April 12, 1912…a Hundred Years Ago
On April 12, 1912, all that you see here was taken more than two miles down to the bottom of the ocean.
RMS Titanic was a passenger liner that sank in the North Atlantic Ocean on 15 April 1912 after colliding with an iceberg during her maiden voyage from Southampton to New York City. The sinking of Titanic caused the deaths of 1,517 people in one of the deadliest peacetime maritime disasters in history. She was the largest ship afloat at the time of her maiden voyage. One of three Olympic class ocean liners operated by the White Star Line, she was built between 1909–11 by the Harland and Wolff shipyard in Belfast. She carried over 2,200 people – 1,316 passengers and about 900 crew.

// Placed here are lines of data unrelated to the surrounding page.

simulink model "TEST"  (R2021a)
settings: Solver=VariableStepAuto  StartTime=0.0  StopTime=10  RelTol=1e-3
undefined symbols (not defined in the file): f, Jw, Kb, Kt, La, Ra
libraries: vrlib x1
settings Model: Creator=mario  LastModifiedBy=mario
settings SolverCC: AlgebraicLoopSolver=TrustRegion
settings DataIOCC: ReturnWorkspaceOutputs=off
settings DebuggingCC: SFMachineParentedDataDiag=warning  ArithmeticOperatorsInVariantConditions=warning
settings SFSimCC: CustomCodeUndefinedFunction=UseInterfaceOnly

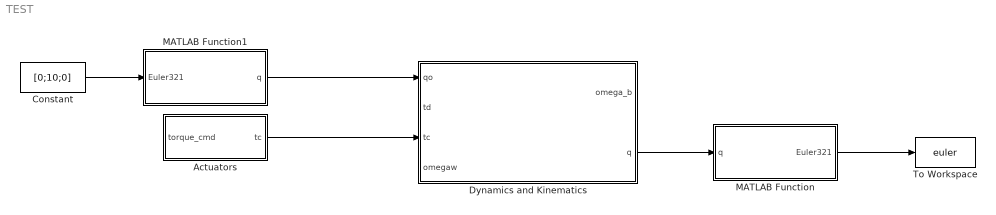
== system TEST ==
  Actuators : Subsystem
  Constant : Constant  Value=[0;10;0]
  "Dynamics and Kinematics " : Subsystem
  MATLAB Function : MATLAB Function  TreatAsAtomicUnit=on
  MATLAB Function1 : MATLAB Function  TreatAsAtomicUnit=on
  To Workspace : ToWorkspace  VariableName=euler  SampleTime=0.05
  wires:
  "Dynamics and Kinematics "/2(q) -> MATLAB Function/1(q)
  MATLAB Function/1(Euler321) -> To Workspace/1
  MATLAB Function1/1(q) -> "Dynamics and Kinematics "/1(qo)
  Constant/1 -> MATLAB Function1/1(Euler321)
  Actuators/1(tc) -> "Dynamics and Kinematics "/3(tc)

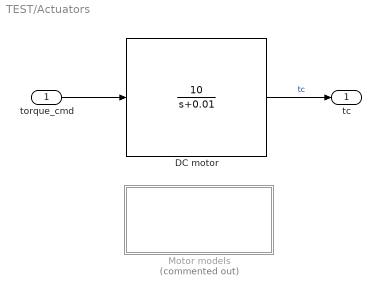
== system TEST/Actuators ==
  torque_cmd : Inport
  DC motor : TransferFcn  Numerator=[10]  Denominator=[1 0.01 ]
  Motor models : Subsystem  Commented=on
  tc : Outport
  wires:
  torque_cmd/1 -> DC motor/1
  DC motor/1 -> tc/1  "tc"

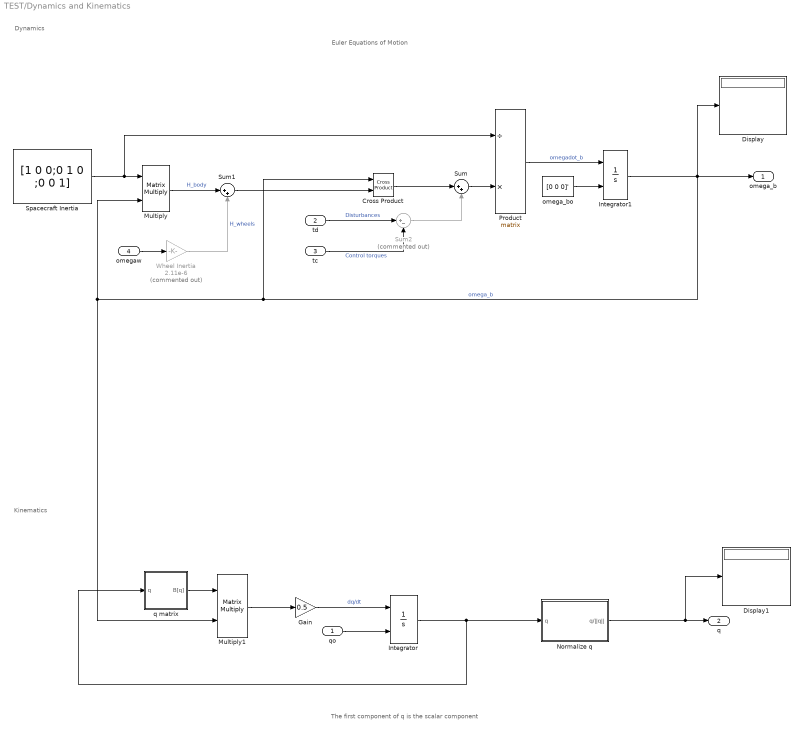
== system TEST/Dynamics and Kinematics  ==
  note: The first component of q is the scalar component
  note: Euler Equations of Motion
  note: Dynamics
  note: Kinematics
  qo : Inport
  td : Inport  Port=2
  tc : Inport  Port=3
  omegaw : Inport  Port=4
  Cross Product : vrlib/Utilities/Cross Product
  Display : Display
  Display1 : Display
  Gain : Gain  Gain=0.5
  Integrator : Integrator  InitialConditionSource=external
  Integrator1 : Integrator  InitialConditionSource=external
  Multiply : Product  Multiplication=Matrix(*)
  Multiply1 : Product  Multiplication=Matrix(*)
  Normalize q : Subsystem
  Product : Product  Inputs=/*  Multiplication=Matrix(*)
  Spacecraft Inertia : Constant  Value=[1 0 0;0 1 0 ;0 0 1]
  Sum : Sum  Inputs=|++
  Sum1 : Sum  Inputs=|++
  Sum2 : Sum  Commented=on  Inputs=|+-
  Wheel Inertia : Gain  Commented=on  Gain=2.11e-6
  omega_bo : Constant  Value=[0 0 0]'
  q matrix : Subsystem
  omega_b : Outport  VectorParamsAs1DForOutWhenUnconnected=off
  q : Outport  Port=2  VectorParamsAs1DForOutWhenUnconnected=off
  wires:
  q matrix/1(B[q]) -> Multiply1/1
  Integrator/1 -> q matrix/1(q), Normalize q/1(q)
  Gain/1 -> Integrator/1  "dq/dt"
  Multiply1/1 -> Gain/1
  Sum2/1 -> Sum/2
  Wheel Inertia/1 -> Sum1/2  "H_wheels"
  Sum1/1 -> Cross Product/2
  Cross Product/1 -> Sum/1
  Sum/1 -> Product/2
  Multiply/1 -> Sum1/1  "H_body"
  Product/1 -> Integrator1/1  "omegadot_b"
  omega_bo/1 -> Integrator1/2
  Spacecraft Inertia/1 -> Multiply/1, Product/1
  Integrator1/1 -> omega_b/1, Display/1, Multiply1/2, Multiply/2, Cross Product/1  "omega_b"
  Normalize q/1(q/||q||) -> Display1/1, q/1
  qo/1 -> Integrator/2
  td/1 -> Sum2/1  "Disturbances"
  tc/1 -> Sum2/2  "Control torques"
  omegaw/1 -> Wheel Inertia/1

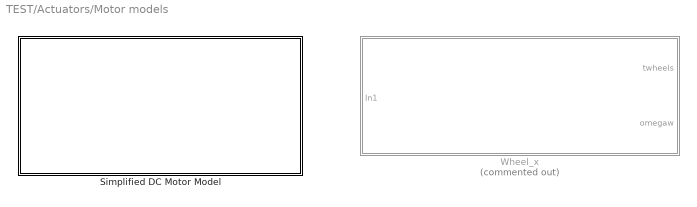
== system TEST/Actuators/Motor models ==
  Simplified DC Motor Model : Subsystem
  Wheel_x : Subsystem  Commented=on

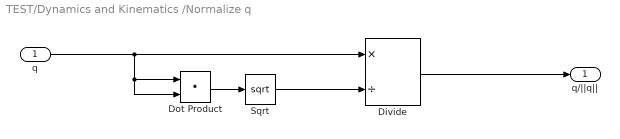
== system TEST/Dynamics and Kinematics /Normalize q ==
  q : Inport
  Divide : Product  Inputs=*/
  Dot Product : DotProduct  InputSameDT=on  OutDataTypeStr=Inherit: Inherit via internal rule
  Sqrt : Sqrt  SaturateOnIntegerOverflow=on
  q/||q|| : Outport  VectorParamsAs1DForOutWhenUnconnected=off
  wires:
  Divide/1 -> q/||q||/1
  Dot Product/1 -> Sqrt/1
  Sqrt/1 -> Divide/2
  q/1 -> Dot Product/1, Dot Product/2, Divide/1

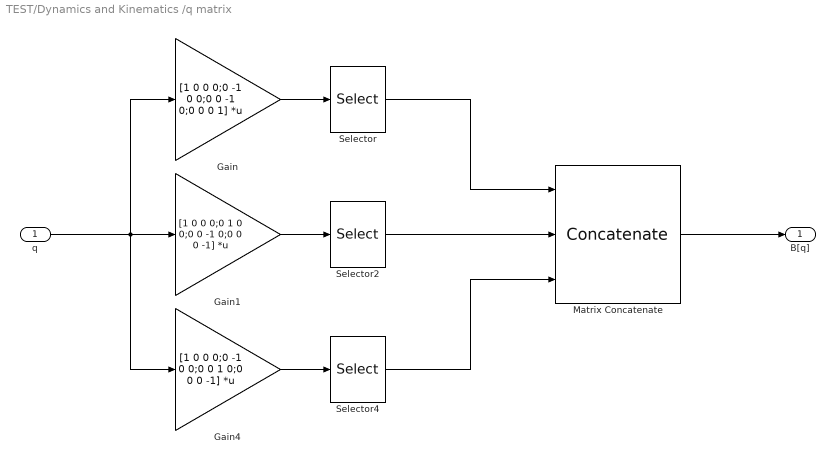
== system TEST/Dynamics and Kinematics /q matrix ==
  q : Inport
  Gain : Gain  Gain=[1 0 0 0;0 -1 0 0;0 0 -1 0;0 0 0 1]  Multiplication=Matrix(K*u)
  Gain1 : Gain  Gain=[1 0 0 0;0 1 0 0;0 0 -1 0;0 0 0 -1]  Multiplication=Matrix(K*u)
  Gain4 : Gain  Gain=[1 0 0 0;0 -1 0 0;0 0 1 0;0 0 0 -1]  Multiplication=Matrix(K*u)
  Matrix Concatenate : Concatenate  NumInputs=3  Mode=Multidimensional array  ConcatenateDimension=2
  Selector : Selector  InputPortWidth=4  IndexOptions=Index vector (dialog)  Indices=[2 1 4 3]  OutputSizes=1
  Selector2 : Selector  InputPortWidth=4  IndexOptions=Index vector (dialog)  Indices=[3 4 1 2]  OutputSizes=1
  Selector4 : Selector  InputPortWidth=4  IndexOptions=Index vector (dialog)  Indices=[4 3 2 1]  OutputSizes=1
  B[q] : Outport  VectorParamsAs1DForOutWhenUnconnected=off
  wires:
  Gain/1 -> Selector/1
  Gain1/1 -> Selector2/1
  Selector/1 -> Matrix Concatenate/1
  q/1 -> Gain1/1, Gain/1, Gain4/1
  Selector4/1 -> Matrix Concatenate/3
  Matrix Concatenate/1 -> B[q]/1
  Selector2/1 -> Matrix Concatenate/2
  Gain4/1 -> Selector4/1

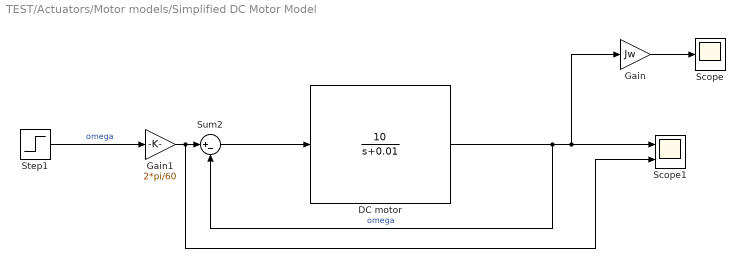
== system TEST/Actuators/Motor models/Simplified DC Motor Model ==
  DC motor : TransferFcn  Numerator=[10]  Denominator=[1 0.01 ]
  Gain : Gain  Gain=Jw
  Gain1 : Gain  Gain=2*pi/60
  Scope : Scope
  Scope1 : Scope  NumInputPorts=2
  Step1 : Step  Time=0  After=8000  SampleTime=0
  Sum2 : Sum  Inputs=|+-
  wires:
  Step1/1 -> Gain1/1  "omega"
  Sum2/1 -> DC motor/1
  DC motor/1 -> Gain/1, Scope1/1, Sum2/2  "omega"
  Gain1/1 -> Scope1/2, Sum2/1
  Gain/1 -> Scope/1

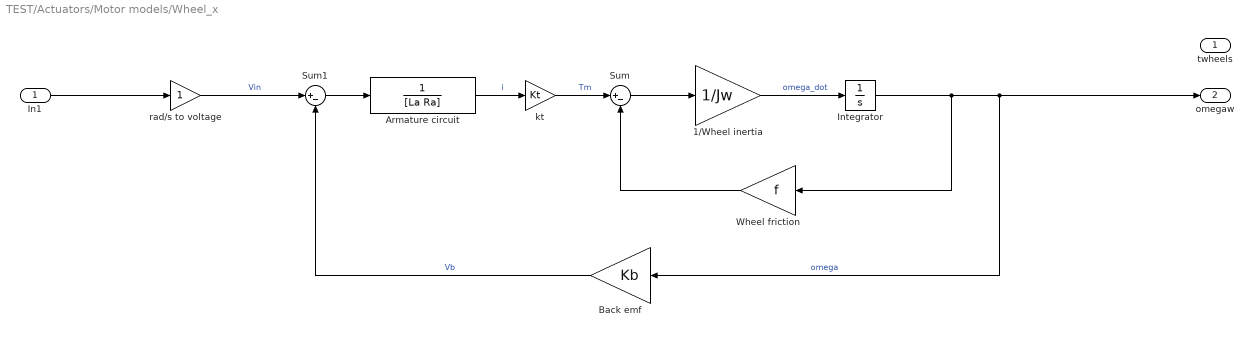
== system TEST/Actuators/Motor models/Wheel_x ==
  In1 : Inport
  1/Wheel inertia : Gain  Gain=1/Jw
  Armature circuit : TransferFcn  Denominator=[La Ra]
  Back emf : Gain  Gain=Kb
  Integrator : Integrator
  Sum : Sum  Inputs=|+-
  Sum1 : Sum  Inputs=|+-
  Wheel friction : Gain  Gain=f
  kt : Gain  Gain=Kt
  rad/s to voltage : Gain
  twheels : Outport  VectorParamsAs1DForOutWhenUnconnected=off
  omegaw : Outport  Port=2  VectorParamsAs1DForOutWhenUnconnected=off
  wires:
  rad/s to voltage/1 -> Sum1/1  "Vin"
  Back emf/1 -> Sum1/2  "Vb"
  Sum/1 -> 1/Wheel inertia/1
  kt/1 -> Sum/1  "Tm"
  1/Wheel inertia/1 -> Integrator/1  "omega_dot"
  Sum1/1 -> Armature circuit/1
  Wheel friction/1 -> Sum/2
  Integrator/1 -> Wheel friction/1, omegaw/1, Back emf/1  "omega"
  Armature circuit/1 -> kt/1  "i"
  In1/1 -> rad/s to voltage/1

== matlab function TEST/MATLAB Function ==
  data: q input; Euler321 output
function Euler321 = q2euler(q)
q1 = q(1);
qbar = [q(2);q(3);q(4)];
qtilde = [0 -qbar(3) qbar(2);qbar(3) 0 -qbar(1);-qbar(2) qbar(1) 0];

DCM = 2*(qbar*qbar') + (q1^2-qbar'*qbar)*eye(3) - 2*q1*qtilde;

Euler321 = [atan2(DCM(1,2),DCM(1,1));-asin(DCM(1,3)); atan2(DCM(2,3),DCM(3,3))];

== matlab function TEST/MATLAB Function1 ==
  data: Euler321 input; q output
function q = euler3212q(Euler321)
euler = [deg2rad(Euler321(1));deg2rad(Euler321(2));deg2rad(Euler321(3))];

c1 = cos(euler(1)/2);
s1 = sin(euler(1)/2);
c2 = cos(euler(2)/2);
s2 = sin(euler(2)/2);
c3 = cos(euler(3)/2);
s3 = sin(euler(3)/2);

q = [c1*c2*c3+s1*s2*s3 ;
     s1*c2*c3-c1*s2*s3;
     c1*s2*c3+s1*c2*s3;
     c1*c2*s3-s1*s2*c3];

Her passengers included some of the wealthiest people in the world, such as millionnaires John Jacob Astor IV, Benjamin Guggenheim and Isidor Strauss, as well as over a thousand emigrants from Ireland, Scandinavia and elsewhere seeking a new life in America. The ship was designed to be the last word in comfort and luxury, with an on-board gymnasium, swimming pool, libraries, high-class restaurants and opulent cabins. She also had a powerful wireless telegraph provided for the convenience of passengers as well as for operational use. Though she had advanced safety features such as watertight compartments and remotely activated watertight doors, she lacked enough lifeboats to accommodate all of those aboard. Due to outdated maritime safety regulations, she carried only enough lifeboats for 1,178 people – a third of her total passenger and crew capacity.
The pictures you see here were taken just days before she sailed on her maiden voyage.
She would have no other, and everything you see now rests on the bottom of the Atlantic Ocean, at a depth of 12,415 feet.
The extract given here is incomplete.